Task description | Below are entries. Reproduce exactly the lines between the line holding "line L4 (-40.4, 0) -> (-40.4, 5.08)" and the line holding "circle A0 centre", inclusive, and only those.
════
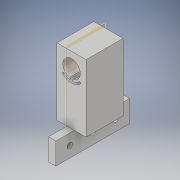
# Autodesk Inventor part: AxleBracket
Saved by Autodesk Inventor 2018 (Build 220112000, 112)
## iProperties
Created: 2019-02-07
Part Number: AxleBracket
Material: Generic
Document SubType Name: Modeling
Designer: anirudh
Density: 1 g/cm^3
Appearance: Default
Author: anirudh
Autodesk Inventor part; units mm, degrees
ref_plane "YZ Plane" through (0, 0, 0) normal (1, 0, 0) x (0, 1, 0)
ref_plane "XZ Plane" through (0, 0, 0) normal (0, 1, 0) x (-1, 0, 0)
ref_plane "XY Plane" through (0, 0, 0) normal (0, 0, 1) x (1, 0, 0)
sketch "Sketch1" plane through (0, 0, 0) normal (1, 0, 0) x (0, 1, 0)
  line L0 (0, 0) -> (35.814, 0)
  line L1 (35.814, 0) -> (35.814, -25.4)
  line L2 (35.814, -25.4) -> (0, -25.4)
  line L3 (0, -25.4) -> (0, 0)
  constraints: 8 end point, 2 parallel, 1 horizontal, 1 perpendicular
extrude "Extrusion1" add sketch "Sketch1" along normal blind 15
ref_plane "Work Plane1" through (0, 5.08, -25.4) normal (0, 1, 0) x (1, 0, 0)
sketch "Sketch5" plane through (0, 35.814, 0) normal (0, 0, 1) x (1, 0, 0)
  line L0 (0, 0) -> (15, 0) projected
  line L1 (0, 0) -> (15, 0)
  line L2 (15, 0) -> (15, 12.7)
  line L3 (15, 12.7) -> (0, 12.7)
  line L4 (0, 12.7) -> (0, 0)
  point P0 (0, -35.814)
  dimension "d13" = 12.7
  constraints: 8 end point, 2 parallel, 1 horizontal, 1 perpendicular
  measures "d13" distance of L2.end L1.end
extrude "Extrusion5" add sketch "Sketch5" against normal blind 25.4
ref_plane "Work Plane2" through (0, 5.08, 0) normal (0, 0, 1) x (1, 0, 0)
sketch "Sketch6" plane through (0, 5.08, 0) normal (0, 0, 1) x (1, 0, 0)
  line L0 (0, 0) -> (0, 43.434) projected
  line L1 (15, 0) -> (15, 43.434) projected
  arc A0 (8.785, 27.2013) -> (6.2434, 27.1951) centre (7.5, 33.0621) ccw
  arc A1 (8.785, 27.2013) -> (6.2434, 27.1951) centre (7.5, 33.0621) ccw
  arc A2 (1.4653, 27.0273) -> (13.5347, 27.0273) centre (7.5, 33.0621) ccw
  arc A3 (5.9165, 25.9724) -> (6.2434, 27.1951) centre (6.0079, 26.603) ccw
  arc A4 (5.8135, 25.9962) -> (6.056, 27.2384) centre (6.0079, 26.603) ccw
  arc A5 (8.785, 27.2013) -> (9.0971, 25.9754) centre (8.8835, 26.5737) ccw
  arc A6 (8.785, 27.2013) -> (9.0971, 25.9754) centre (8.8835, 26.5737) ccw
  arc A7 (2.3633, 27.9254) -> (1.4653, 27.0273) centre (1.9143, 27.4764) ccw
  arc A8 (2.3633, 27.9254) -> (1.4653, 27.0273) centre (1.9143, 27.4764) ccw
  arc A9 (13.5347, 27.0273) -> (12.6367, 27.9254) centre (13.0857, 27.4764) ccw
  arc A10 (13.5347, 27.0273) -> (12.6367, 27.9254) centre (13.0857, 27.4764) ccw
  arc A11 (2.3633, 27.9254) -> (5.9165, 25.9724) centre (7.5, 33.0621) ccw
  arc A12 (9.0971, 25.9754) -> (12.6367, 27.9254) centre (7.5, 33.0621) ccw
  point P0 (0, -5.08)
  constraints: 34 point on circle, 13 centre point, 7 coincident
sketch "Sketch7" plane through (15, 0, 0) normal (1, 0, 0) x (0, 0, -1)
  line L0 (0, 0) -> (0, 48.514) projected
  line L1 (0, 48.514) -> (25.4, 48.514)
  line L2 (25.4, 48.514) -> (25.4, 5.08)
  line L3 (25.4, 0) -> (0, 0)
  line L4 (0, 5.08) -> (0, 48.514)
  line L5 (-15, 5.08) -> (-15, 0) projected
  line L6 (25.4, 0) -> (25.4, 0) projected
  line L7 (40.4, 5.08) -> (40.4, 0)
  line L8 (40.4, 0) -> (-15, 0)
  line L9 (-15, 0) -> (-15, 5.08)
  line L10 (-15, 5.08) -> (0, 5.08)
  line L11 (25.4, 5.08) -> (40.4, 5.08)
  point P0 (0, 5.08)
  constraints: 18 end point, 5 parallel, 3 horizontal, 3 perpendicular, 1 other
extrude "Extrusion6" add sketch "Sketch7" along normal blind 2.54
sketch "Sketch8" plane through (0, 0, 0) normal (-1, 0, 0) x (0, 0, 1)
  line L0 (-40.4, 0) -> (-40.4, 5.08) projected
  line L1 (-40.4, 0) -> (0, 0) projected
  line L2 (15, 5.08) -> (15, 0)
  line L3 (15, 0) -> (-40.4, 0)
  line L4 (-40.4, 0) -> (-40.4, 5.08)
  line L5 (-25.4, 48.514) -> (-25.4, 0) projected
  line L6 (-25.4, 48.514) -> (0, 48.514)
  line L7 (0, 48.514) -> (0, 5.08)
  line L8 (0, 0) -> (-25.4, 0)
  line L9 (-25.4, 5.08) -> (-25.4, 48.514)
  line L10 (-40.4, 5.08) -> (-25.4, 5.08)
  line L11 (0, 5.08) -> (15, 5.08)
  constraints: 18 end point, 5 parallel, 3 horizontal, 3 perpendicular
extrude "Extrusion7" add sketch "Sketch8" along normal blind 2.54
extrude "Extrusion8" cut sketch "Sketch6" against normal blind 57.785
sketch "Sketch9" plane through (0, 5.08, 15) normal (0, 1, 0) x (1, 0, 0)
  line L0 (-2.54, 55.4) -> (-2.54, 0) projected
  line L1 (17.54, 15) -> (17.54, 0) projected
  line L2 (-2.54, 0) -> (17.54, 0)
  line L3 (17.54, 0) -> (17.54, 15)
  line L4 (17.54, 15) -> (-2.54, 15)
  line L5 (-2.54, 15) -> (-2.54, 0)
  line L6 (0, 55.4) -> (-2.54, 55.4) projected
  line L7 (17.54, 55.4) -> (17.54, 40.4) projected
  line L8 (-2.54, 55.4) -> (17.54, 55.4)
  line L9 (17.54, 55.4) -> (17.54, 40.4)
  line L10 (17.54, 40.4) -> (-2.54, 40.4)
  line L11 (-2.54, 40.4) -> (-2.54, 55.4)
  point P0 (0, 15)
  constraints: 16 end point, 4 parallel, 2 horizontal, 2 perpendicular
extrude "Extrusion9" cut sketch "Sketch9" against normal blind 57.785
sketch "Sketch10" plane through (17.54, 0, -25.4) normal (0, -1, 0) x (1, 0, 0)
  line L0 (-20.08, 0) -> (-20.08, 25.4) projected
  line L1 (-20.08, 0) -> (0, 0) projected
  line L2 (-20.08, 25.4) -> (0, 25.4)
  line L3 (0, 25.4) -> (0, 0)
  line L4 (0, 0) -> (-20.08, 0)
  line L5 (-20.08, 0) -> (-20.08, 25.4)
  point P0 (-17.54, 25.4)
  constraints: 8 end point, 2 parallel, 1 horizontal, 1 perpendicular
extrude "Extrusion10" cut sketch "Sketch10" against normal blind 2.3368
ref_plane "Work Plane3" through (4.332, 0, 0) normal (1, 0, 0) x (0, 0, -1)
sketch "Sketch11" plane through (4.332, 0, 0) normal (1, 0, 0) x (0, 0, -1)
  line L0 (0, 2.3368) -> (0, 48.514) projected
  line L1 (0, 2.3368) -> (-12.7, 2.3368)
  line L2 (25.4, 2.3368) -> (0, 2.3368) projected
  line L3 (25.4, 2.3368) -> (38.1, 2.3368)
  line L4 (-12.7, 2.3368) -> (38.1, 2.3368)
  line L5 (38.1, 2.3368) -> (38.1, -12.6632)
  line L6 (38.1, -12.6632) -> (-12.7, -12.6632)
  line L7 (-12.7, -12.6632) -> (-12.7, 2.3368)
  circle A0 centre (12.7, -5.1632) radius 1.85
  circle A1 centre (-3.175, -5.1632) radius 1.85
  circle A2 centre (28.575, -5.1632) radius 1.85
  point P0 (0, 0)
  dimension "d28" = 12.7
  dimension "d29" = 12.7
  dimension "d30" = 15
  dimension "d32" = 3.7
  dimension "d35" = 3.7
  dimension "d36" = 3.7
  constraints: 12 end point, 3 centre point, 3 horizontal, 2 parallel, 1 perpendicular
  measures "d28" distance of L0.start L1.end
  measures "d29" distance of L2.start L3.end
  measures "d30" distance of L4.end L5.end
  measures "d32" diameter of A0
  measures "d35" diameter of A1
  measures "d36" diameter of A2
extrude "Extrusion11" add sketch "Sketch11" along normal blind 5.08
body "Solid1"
════
Result of the task |
  line L4 (-40.4, 0) -> (-40.4, 5.08)
  line L5 (-25.4, 48.514) -> (-25.4, 0) projected
  line L6 (-25.4, 48.514) -> (0, 48.514)
  line L7 (0, 48.514) -> (0, 5.08)
  line L8 (0, 0) -> (-25.4, 0)
  line L9 (-25.4, 5.08) -> (-25.4, 48.514)
  line L10 (-40.4, 5.08) -> (-25.4, 5.08)
  line L11 (0, 5.08) -> (15, 5.08)
  constraints: 18 end point, 5 parallel, 3 horizontal, 3 perpendicular
extrude "Extrusion7" add sketch "Sketch8" along normal blind 2.54
extrude "Extrusion8" cut sketch "Sketch6" against normal blind 57.785
sketch "Sketch9" plane through (0, 5.08, 15) normal (0, 1, 0) x (1, 0, 0)
  line L0 (-2.54, 55.4) -> (-2.54, 0) projected
  line L1 (17.54, 15) -> (17.54, 0) projected
  line L2 (-2.54, 0) -> (17.54, 0)
  line L3 (17.54, 0) -> (17.54, 15)
  line L4 (17.54, 15) -> (-2.54, 15)
  line L5 (-2.54, 15) -> (-2.54, 0)
  line L6 (0, 55.4) -> (-2.54, 55.4) projected
  line L7 (17.54, 55.4) -> (17.54, 40.4) projected
  line L8 (-2.54, 55.4) -> (17.54, 55.4)
  line L9 (17.54, 55.4) -> (17.54, 40.4)
  line L10 (17.54, 40.4) -> (-2.54, 40.4)
  line L11 (-2.54, 40.4) -> (-2.54, 55.4)
  point P0 (0, 15)
  constraints: 16 end point, 4 parallel, 2 horizontal, 2 perpendicular
extrude "Extrusion9" cut sketch "Sketch9" against normal blind 57.785
sketch "Sketch10" plane through (17.54, 0, -25.4) normal (0, -1, 0) x (1, 0, 0)
  line L0 (-20.08, 0) -> (-20.08, 25.4) projected
  line L1 (-20.08, 0) -> (0, 0) projected
  line L2 (-20.08, 25.4) -> (0, 25.4)
  line L3 (0, 25.4) -> (0, 0)
  line L4 (0, 0) -> (-20.08, 0)
  line L5 (-20.08, 0) -> (-20.08, 25.4)
  point P0 (-17.54, 25.4)
  constraints: 8 end point, 2 parallel, 1 horizontal, 1 perpendicular
extrude "Extrusion10" cut sketch "Sketch10" against normal blind 2.3368
ref_plane "Work Plane3" through (4.332, 0, 0) normal (1, 0, 0) x (0, 0, -1)
sketch "Sketch11" plane through (4.332, 0, 0) normal (1, 0, 0) x (0, 0, -1)
  line L0 (0, 2.3368) -> (0, 48.514) projected
  line L1 (0, 2.3368) -> (-12.7, 2.3368)
  line L2 (25.4, 2.3368) -> (0, 2.3368) projected
  line L3 (25.4, 2.3368) -> (38.1, 2.3368)
  line L4 (-12.7, 2.3368) -> (38.1, 2.3368)
  line L5 (38.1, 2.3368) -> (38.1, -12.6632)
  line L6 (38.1, -12.6632) -> (-12.7, -12.6632)
  line L7 (-12.7, -12.6632) -> (-12.7, 2.3368)
  circle A0 centre (12.7, -5.1632) radius 1.85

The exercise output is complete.